↓↓↓

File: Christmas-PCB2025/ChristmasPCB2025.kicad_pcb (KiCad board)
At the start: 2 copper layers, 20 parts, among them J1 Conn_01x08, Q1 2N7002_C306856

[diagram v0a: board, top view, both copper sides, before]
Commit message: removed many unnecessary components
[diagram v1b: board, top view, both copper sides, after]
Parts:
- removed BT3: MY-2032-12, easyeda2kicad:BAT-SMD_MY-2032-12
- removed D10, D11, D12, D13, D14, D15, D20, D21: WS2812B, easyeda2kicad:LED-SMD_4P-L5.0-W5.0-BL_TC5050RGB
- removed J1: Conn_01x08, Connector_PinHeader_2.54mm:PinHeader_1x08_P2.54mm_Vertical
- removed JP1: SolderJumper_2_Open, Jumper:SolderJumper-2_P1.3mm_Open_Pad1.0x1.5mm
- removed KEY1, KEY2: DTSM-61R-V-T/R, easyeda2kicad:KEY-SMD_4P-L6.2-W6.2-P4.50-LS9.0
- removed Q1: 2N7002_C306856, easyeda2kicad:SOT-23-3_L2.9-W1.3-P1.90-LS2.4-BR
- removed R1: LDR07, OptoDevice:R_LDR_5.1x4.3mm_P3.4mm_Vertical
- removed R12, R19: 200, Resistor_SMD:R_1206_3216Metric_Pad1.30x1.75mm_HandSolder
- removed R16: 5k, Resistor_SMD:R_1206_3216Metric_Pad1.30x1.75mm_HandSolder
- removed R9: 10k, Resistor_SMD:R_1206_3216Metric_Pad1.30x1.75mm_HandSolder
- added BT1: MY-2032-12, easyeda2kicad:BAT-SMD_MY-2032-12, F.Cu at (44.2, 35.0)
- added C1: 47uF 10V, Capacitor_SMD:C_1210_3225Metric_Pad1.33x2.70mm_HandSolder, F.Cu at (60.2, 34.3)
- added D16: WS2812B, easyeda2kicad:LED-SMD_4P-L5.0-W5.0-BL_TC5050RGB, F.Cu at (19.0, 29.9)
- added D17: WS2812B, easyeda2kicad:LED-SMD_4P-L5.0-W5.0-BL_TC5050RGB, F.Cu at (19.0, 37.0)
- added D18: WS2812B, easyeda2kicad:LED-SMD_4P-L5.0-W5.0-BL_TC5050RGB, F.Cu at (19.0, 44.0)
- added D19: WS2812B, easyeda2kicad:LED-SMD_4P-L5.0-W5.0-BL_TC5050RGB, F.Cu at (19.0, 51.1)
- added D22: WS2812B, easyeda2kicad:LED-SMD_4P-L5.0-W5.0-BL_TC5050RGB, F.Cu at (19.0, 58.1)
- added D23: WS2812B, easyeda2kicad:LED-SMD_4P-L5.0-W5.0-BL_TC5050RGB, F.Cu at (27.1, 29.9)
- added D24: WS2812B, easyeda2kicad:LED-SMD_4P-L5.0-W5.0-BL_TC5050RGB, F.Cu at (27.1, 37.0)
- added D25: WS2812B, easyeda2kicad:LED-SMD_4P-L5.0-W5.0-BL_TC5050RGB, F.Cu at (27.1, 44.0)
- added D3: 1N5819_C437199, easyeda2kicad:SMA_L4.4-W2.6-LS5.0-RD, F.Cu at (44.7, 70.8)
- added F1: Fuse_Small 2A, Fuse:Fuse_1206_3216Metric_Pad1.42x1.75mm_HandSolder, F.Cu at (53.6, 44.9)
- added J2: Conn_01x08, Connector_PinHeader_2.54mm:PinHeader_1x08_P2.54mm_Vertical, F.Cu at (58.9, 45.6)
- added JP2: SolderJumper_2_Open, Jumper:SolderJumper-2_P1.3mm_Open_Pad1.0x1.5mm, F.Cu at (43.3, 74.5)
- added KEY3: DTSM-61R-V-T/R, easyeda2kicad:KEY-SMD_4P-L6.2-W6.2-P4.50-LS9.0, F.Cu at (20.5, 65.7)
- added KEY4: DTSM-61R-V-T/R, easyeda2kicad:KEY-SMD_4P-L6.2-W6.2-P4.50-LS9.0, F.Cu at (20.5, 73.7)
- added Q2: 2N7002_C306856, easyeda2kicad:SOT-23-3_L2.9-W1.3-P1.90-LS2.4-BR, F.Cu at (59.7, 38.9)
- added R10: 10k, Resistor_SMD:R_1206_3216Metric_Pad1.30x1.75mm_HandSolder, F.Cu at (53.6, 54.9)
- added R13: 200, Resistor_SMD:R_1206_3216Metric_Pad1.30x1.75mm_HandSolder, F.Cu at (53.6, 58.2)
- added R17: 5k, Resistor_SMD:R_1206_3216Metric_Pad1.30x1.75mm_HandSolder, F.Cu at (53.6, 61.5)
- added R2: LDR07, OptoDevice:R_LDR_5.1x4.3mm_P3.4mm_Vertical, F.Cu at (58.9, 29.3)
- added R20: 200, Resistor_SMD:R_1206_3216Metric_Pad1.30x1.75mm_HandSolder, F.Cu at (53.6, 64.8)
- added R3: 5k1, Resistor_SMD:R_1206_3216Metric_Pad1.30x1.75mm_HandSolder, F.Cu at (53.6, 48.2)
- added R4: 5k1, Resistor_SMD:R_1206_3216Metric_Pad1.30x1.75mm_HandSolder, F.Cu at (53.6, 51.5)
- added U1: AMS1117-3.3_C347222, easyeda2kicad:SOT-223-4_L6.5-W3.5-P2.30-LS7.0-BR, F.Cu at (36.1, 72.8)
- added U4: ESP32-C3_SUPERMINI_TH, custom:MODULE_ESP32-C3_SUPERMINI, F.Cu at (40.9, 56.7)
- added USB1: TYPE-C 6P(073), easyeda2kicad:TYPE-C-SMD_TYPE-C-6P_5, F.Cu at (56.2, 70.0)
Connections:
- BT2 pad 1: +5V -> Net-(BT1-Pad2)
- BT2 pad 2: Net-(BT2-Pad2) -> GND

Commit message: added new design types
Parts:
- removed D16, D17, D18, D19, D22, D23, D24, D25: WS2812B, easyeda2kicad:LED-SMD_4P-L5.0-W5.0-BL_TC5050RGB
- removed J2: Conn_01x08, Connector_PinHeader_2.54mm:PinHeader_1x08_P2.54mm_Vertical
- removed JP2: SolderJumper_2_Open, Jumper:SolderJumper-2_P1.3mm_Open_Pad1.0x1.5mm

↑↑↑

* [The problem]
Take the listing above and write it out again exactly.

* [Your response]
File: Christmas-PCB2025/ChristmasPCB2025.kicad_pcb (KiCad board)
At the start: 2 copper layers, 20 parts, among them J1 Conn_01x08, Q1 2N7002_C306856

[diagram v0a: board, top view, both copper sides, before]
Commit message: removed many unnecessary components
[diagram v1b: board, top view, both copper sides, after]
Parts:
- removed BT3: MY-2032-12, easyeda2kicad:BAT-SMD_MY-2032-12
- removed D10, D11, D12, D13, D14, D15, D20, D21: WS2812B, easyeda2kicad:LED-SMD_4P-L5.0-W5.0-BL_TC5050RGB
- removed J1: Conn_01x08, Connector_PinHeader_2.54mm:PinHeader_1x08_P2.54mm_Vertical
- removed JP1: SolderJumper_2_Open, Jumper:SolderJumper-2_P1.3mm_Open_Pad1.0x1.5mm
- removed KEY1, KEY2: DTSM-61R-V-T/R, easyeda2kicad:KEY-SMD_4P-L6.2-W6.2-P4.50-LS9.0
- removed Q1: 2N7002_C306856, easyeda2kicad:SOT-23-3_L2.9-W1.3-P1.90-LS2.4-BR
- removed R1: LDR07, OptoDevice:R_LDR_5.1x4.3mm_P3.4mm_Vertical
- removed R12, R19: 200, Resistor_SMD:R_1206_3216Metric_Pad1.30x1.75mm_HandSolder
- removed R16: 5k, Resistor_SMD:R_1206_3216Metric_Pad1.30x1.75mm_HandSolder
- removed R9: 10k, Resistor_SMD:R_1206_3216Metric_Pad1.30x1.75mm_HandSolder
- added BT1: MY-2032-12, easyeda2kicad:BAT-SMD_MY-2032-12, F.Cu at (44.2, 35.0)
- added C1: 47uF 10V, Capacitor_SMD:C_1210_3225Metric_Pad1.33x2.70mm_HandSolder, F.Cu at (60.2, 34.3)
- added D16: WS2812B, easyeda2kicad:LED-SMD_4P-L5.0-W5.0-BL_TC5050RGB, F.Cu at (19.0, 29.9)
- added D17: WS2812B, easyeda2kicad:LED-SMD_4P-L5.0-W5.0-BL_TC5050RGB, F.Cu at (19.0, 37.0)
- added D18: WS2812B, easyeda2kicad:LED-SMD_4P-L5.0-W5.0-BL_TC5050RGB, F.Cu at (19.0, 44.0)
- added D19: WS2812B, easyeda2kicad:LED-SMD_4P-L5.0-W5.0-BL_TC5050RGB, F.Cu at (19.0, 51.1)
- added D22: WS2812B, easyeda2kicad:LED-SMD_4P-L5.0-W5.0-BL_TC5050RGB, F.Cu at (19.0, 58.1)
- added D23: WS2812B, easyeda2kicad:LED-SMD_4P-L5.0-W5.0-BL_TC5050RGB, F.Cu at (27.1, 29.9)
- added D24: WS2812B, easyeda2kicad:LED-SMD_4P-L5.0-W5.0-BL_TC5050RGB, F.Cu at (27.1, 37.0)
- added D25: WS2812B, easyeda2kicad:LED-SMD_4P-L5.0-W5.0-BL_TC5050RGB, F.Cu at (27.1, 44.0)
- added D3: 1N5819_C437199, easyeda2kicad:SMA_L4.4-W2.6-LS5.0-RD, F.Cu at (44.7, 70.8)
- added F1: Fuse_Small 2A, Fuse:Fuse_1206_3216Metric_Pad1.42x1.75mm_HandSolder, F.Cu at (53.6, 44.9)
- added J2: Conn_01x08, Connector_PinHeader_2.54mm:PinHeader_1x08_P2.54mm_Vertical, F.Cu at (58.9, 45.6)
- added JP2: SolderJumper_2_Open, Jumper:SolderJumper-2_P1.3mm_Open_Pad1.0x1.5mm, F.Cu at (43.3, 74.5)
- added KEY3: DTSM-61R-V-T/R, easyeda2kicad:KEY-SMD_4P-L6.2-W6.2-P4.50-LS9.0, F.Cu at (20.5, 65.7)
- added KEY4: DTSM-61R-V-T/R, easyeda2kicad:KEY-SMD_4P-L6.2-W6.2-P4.50-LS9.0, F.Cu at (20.5, 73.7)
- added Q2: 2N7002_C306856, easyeda2kicad:SOT-23-3_L2.9-W1.3-P1.90-LS2.4-BR, F.Cu at (59.7, 38.9)
- added R10: 10k, Resistor_SMD:R_1206_3216Metric_Pad1.30x1.75mm_HandSolder, F.Cu at (53.6, 54.9)
- added R13: 200, Resistor_SMD:R_1206_3216Metric_Pad1.30x1.75mm_HandSolder, F.Cu at (53.6, 58.2)
- added R17: 5k, Resistor_SMD:R_1206_3216Metric_Pad1.30x1.75mm_HandSolder, F.Cu at (53.6, 61.5)
- added R2: LDR07, OptoDevice:R_LDR_5.1x4.3mm_P3.4mm_Vertical, F.Cu at (58.9, 29.3)
- added R20: 200, Resistor_SMD:R_1206_3216Metric_Pad1.30x1.75mm_HandSolder, F.Cu at (53.6, 64.8)
- added R3: 5k1, Resistor_SMD:R_1206_3216Metric_Pad1.30x1.75mm_HandSolder, F.Cu at (53.6, 48.2)
- added R4: 5k1, Resistor_SMD:R_1206_3216Metric_Pad1.30x1.75mm_HandSolder, F.Cu at (53.6, 51.5)
- added U1: AMS1117-3.3_C347222, easyeda2kicad:SOT-223-4_L6.5-W3.5-P2.30-LS7.0-BR, F.Cu at (36.1, 72.8)
- added U4: ESP32-C3_SUPERMINI_TH, custom:MODULE_ESP32-C3_SUPERMINI, F.Cu at (40.9, 56.7)
- added USB1: TYPE-C 6P(073), easyeda2kicad:TYPE-C-SMD_TYPE-C-6P_5, F.Cu at (56.2, 70.0)
Connections:
- BT2 pad 1: +5V -> Net-(BT1-Pad2)
- BT2 pad 2: Net-(BT2-Pad2) -> GND

Commit message: added new design types
Parts:
- removed D16, D17, D18, D19, D22, D23, D24, D25: WS2812B, easyeda2kicad:LED-SMD_4P-L5.0-W5.0-BL_TC5050RGB
- removed J2: Conn_01x08, Connector_PinHeader_2.54mm:PinHeader_1x08_P2.54mm_Vertical
- removed JP2: SolderJumper_2_Open, Jumper:SolderJumper-2_P1.3mm_Open_Pad1.0x1.5mm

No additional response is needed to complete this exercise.